*PROBLEM TO SOLVE*.
Every line below from the one containing "#91=CARTESIAN_POINT('',(10.16,0.,0.));" through the one containing "#151=PLANE('',#150);" must be transcribed exactly. Omit all lines outside that stretch.

╭─ SOURCE DATA

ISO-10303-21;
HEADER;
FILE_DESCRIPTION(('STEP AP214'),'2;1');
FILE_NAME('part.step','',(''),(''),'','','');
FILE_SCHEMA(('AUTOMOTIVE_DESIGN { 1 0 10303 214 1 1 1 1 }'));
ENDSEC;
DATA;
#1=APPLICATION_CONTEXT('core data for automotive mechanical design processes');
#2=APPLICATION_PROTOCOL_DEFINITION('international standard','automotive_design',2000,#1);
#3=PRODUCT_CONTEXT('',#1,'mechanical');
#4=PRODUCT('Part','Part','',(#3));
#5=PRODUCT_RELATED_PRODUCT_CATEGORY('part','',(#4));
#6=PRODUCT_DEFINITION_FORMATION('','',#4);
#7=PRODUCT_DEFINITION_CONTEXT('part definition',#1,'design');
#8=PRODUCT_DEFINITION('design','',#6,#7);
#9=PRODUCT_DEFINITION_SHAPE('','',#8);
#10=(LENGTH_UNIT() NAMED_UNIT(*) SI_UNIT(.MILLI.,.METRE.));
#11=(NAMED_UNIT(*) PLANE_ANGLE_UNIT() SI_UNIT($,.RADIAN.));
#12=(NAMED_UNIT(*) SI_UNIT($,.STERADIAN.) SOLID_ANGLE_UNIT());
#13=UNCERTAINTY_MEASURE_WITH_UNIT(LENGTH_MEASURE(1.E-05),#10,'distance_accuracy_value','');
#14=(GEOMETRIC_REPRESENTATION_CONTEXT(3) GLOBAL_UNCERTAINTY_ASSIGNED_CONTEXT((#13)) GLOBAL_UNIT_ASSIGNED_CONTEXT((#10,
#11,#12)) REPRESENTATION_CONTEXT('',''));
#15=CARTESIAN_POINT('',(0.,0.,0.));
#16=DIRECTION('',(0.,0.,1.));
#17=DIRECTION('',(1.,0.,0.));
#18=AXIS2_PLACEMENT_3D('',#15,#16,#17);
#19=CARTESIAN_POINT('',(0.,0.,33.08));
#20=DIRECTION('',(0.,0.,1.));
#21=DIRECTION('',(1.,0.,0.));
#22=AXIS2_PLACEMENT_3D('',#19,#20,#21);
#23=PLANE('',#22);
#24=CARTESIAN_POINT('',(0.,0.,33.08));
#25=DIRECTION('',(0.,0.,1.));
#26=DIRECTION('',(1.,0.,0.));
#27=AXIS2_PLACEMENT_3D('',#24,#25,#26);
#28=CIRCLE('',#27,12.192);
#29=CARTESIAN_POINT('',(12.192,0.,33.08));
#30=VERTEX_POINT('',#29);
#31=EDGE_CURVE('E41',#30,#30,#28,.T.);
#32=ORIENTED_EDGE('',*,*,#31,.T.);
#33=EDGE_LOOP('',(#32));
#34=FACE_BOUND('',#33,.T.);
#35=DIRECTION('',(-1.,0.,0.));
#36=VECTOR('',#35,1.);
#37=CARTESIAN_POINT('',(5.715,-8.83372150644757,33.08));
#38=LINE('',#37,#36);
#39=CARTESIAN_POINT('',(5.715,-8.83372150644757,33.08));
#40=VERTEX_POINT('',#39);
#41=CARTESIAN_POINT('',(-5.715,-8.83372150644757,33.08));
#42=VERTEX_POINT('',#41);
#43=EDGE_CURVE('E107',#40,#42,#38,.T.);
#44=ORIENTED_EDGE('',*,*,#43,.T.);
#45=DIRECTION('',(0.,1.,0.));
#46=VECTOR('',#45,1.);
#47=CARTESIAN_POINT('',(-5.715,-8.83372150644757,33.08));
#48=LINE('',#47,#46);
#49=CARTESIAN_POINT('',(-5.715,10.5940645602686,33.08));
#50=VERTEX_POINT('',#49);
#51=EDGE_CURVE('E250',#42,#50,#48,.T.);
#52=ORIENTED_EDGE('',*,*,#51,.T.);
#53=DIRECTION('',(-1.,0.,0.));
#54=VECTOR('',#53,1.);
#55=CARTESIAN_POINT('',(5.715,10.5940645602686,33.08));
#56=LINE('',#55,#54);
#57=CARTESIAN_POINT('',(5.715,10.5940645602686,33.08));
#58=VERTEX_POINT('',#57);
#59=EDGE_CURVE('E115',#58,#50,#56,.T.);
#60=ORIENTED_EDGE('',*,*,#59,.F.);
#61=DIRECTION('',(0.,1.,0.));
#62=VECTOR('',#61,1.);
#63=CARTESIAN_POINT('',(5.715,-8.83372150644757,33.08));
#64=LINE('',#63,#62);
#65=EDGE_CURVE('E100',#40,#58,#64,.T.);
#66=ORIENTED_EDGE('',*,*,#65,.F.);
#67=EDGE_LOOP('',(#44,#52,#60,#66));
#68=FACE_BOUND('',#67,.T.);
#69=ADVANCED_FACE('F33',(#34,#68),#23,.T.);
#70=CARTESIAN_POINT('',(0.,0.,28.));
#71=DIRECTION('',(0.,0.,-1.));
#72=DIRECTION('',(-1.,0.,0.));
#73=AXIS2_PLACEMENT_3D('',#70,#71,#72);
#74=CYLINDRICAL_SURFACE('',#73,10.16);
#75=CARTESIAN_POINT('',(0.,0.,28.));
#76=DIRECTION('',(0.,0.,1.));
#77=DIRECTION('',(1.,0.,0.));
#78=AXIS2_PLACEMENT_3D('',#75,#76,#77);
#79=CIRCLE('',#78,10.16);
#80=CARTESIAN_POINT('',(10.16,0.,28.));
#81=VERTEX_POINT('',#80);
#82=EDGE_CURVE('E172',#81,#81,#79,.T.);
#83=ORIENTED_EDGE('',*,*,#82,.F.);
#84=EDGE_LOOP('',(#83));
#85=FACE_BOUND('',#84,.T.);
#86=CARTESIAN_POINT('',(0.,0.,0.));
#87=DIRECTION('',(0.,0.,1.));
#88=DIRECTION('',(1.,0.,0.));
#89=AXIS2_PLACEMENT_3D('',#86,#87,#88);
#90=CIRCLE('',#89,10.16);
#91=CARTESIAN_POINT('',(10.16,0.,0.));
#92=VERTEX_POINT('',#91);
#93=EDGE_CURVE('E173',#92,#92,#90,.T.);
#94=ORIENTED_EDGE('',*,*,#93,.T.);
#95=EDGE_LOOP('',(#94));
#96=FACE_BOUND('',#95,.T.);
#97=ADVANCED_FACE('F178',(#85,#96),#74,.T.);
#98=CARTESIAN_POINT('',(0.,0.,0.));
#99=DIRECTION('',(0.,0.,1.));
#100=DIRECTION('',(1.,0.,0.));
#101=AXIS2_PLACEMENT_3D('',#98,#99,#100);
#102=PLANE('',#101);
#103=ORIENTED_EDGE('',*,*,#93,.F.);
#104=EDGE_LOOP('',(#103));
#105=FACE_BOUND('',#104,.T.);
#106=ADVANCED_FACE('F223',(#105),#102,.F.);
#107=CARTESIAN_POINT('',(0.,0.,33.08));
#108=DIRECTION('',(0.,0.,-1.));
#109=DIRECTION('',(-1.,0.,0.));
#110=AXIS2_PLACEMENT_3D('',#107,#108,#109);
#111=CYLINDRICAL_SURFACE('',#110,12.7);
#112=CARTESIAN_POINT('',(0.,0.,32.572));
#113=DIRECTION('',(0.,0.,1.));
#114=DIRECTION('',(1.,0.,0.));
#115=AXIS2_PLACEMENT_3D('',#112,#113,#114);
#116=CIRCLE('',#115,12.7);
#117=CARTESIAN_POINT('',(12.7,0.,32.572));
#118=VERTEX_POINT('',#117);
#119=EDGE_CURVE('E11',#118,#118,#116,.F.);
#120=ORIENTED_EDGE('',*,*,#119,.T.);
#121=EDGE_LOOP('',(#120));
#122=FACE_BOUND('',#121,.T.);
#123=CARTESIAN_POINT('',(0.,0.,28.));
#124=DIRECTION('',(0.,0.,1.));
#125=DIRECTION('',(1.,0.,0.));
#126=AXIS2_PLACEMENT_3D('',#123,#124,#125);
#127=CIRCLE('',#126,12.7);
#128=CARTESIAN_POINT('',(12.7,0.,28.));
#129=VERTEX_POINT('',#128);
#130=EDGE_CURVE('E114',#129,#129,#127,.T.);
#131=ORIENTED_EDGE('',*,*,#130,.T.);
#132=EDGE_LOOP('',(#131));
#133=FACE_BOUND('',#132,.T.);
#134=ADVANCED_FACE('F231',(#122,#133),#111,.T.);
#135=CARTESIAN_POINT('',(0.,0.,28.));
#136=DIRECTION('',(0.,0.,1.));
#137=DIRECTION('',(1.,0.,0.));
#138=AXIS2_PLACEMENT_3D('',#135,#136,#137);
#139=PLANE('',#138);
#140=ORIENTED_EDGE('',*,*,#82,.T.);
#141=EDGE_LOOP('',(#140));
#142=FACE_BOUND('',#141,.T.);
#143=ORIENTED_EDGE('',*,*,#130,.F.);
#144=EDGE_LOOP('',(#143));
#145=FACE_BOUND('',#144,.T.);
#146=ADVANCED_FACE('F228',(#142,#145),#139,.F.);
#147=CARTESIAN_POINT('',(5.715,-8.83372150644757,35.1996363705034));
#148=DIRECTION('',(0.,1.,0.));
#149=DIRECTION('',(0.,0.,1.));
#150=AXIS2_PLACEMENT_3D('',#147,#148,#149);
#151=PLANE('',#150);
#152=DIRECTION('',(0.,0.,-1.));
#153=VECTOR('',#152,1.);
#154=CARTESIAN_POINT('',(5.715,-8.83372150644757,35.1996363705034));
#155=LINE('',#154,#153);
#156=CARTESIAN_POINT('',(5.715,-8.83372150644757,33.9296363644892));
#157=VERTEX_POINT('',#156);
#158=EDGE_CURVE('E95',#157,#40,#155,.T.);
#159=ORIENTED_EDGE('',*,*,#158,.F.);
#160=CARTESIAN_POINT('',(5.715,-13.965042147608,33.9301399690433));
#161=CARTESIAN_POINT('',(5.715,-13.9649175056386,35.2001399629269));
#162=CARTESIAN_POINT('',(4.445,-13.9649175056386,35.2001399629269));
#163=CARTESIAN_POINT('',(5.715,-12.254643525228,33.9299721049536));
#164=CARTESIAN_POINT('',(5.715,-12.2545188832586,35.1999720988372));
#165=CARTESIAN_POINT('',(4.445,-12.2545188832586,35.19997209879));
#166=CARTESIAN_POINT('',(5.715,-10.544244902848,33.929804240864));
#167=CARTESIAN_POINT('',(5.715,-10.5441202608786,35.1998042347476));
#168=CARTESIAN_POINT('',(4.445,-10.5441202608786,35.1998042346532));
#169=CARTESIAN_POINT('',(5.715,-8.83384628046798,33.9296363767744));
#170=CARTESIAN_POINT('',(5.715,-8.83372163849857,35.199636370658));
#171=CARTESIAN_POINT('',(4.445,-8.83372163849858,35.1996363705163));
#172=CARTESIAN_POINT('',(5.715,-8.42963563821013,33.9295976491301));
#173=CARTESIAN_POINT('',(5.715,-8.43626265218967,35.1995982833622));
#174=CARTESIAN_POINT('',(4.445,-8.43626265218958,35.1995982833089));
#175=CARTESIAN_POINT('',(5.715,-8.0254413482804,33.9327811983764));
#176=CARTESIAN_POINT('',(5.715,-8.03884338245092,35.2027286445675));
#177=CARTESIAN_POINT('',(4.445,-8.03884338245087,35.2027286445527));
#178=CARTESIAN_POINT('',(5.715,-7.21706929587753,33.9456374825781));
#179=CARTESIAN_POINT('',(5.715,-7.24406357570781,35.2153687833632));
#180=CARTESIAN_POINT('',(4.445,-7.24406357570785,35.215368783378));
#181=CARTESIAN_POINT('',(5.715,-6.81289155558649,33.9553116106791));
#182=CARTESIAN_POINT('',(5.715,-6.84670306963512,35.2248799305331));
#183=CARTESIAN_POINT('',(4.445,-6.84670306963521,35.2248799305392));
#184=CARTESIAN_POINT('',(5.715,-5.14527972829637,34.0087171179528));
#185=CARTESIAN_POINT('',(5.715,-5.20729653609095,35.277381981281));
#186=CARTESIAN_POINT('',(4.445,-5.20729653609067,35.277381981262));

╰─

*SOLUTION*.
#91=CARTESIAN_POINT('',(10.16,0.,0.));
#92=VERTEX_POINT('',#91);
#93=EDGE_CURVE('E173',#92,#92,#90,.T.);
#94=ORIENTED_EDGE('',*,*,#93,.T.);
#95=EDGE_LOOP('',(#94));
#96=FACE_BOUND('',#95,.T.);
#97=ADVANCED_FACE('F178',(#85,#96),#74,.T.);
#98=CARTESIAN_POINT('',(0.,0.,0.));
#99=DIRECTION('',(0.,0.,1.));
#100=DIRECTION('',(1.,0.,0.));
#101=AXIS2_PLACEMENT_3D('',#98,#99,#100);
#102=PLANE('',#101);
#103=ORIENTED_EDGE('',*,*,#93,.F.);
#104=EDGE_LOOP('',(#103));
#105=FACE_BOUND('',#104,.T.);
#106=ADVANCED_FACE('F223',(#105),#102,.F.);
#107=CARTESIAN_POINT('',(0.,0.,33.08));
#108=DIRECTION('',(0.,0.,-1.));
#109=DIRECTION('',(-1.,0.,0.));
#110=AXIS2_PLACEMENT_3D('',#107,#108,#109);
#111=CYLINDRICAL_SURFACE('',#110,12.7);
#112=CARTESIAN_POINT('',(0.,0.,32.572));
#113=DIRECTION('',(0.,0.,1.));
#114=DIRECTION('',(1.,0.,0.));
#115=AXIS2_PLACEMENT_3D('',#112,#113,#114);
#116=CIRCLE('',#115,12.7);
#117=CARTESIAN_POINT('',(12.7,0.,32.572));
#118=VERTEX_POINT('',#117);
#119=EDGE_CURVE('E11',#118,#118,#116,.F.);
#120=ORIENTED_EDGE('',*,*,#119,.T.);
#121=EDGE_LOOP('',(#120));
#122=FACE_BOUND('',#121,.T.);
#123=CARTESIAN_POINT('',(0.,0.,28.));
#124=DIRECTION('',(0.,0.,1.));
#125=DIRECTION('',(1.,0.,0.));
#126=AXIS2_PLACEMENT_3D('',#123,#124,#125);
#127=CIRCLE('',#126,12.7);
#128=CARTESIAN_POINT('',(12.7,0.,28.));
#129=VERTEX_POINT('',#128);
#130=EDGE_CURVE('E114',#129,#129,#127,.T.);
#131=ORIENTED_EDGE('',*,*,#130,.T.);
#132=EDGE_LOOP('',(#131));
#133=FACE_BOUND('',#132,.T.);
#134=ADVANCED_FACE('F231',(#122,#133),#111,.T.);
#135=CARTESIAN_POINT('',(0.,0.,28.));
#136=DIRECTION('',(0.,0.,1.));
#137=DIRECTION('',(1.,0.,0.));
#138=AXIS2_PLACEMENT_3D('',#135,#136,#137);
#139=PLANE('',#138);
#140=ORIENTED_EDGE('',*,*,#82,.T.);
#141=EDGE_LOOP('',(#140));
#142=FACE_BOUND('',#141,.T.);
#143=ORIENTED_EDGE('',*,*,#130,.F.);
#144=EDGE_LOOP('',(#143));
#145=FACE_BOUND('',#144,.T.);
#146=ADVANCED_FACE('F228',(#142,#145),#139,.F.);
#147=CARTESIAN_POINT('',(5.715,-8.83372150644757,35.1996363705034));
#148=DIRECTION('',(0.,1.,0.));
#149=DIRECTION('',(0.,0.,1.));
#150=AXIS2_PLACEMENT_3D('',#147,#148,#149);
#151=PLANE('',#150);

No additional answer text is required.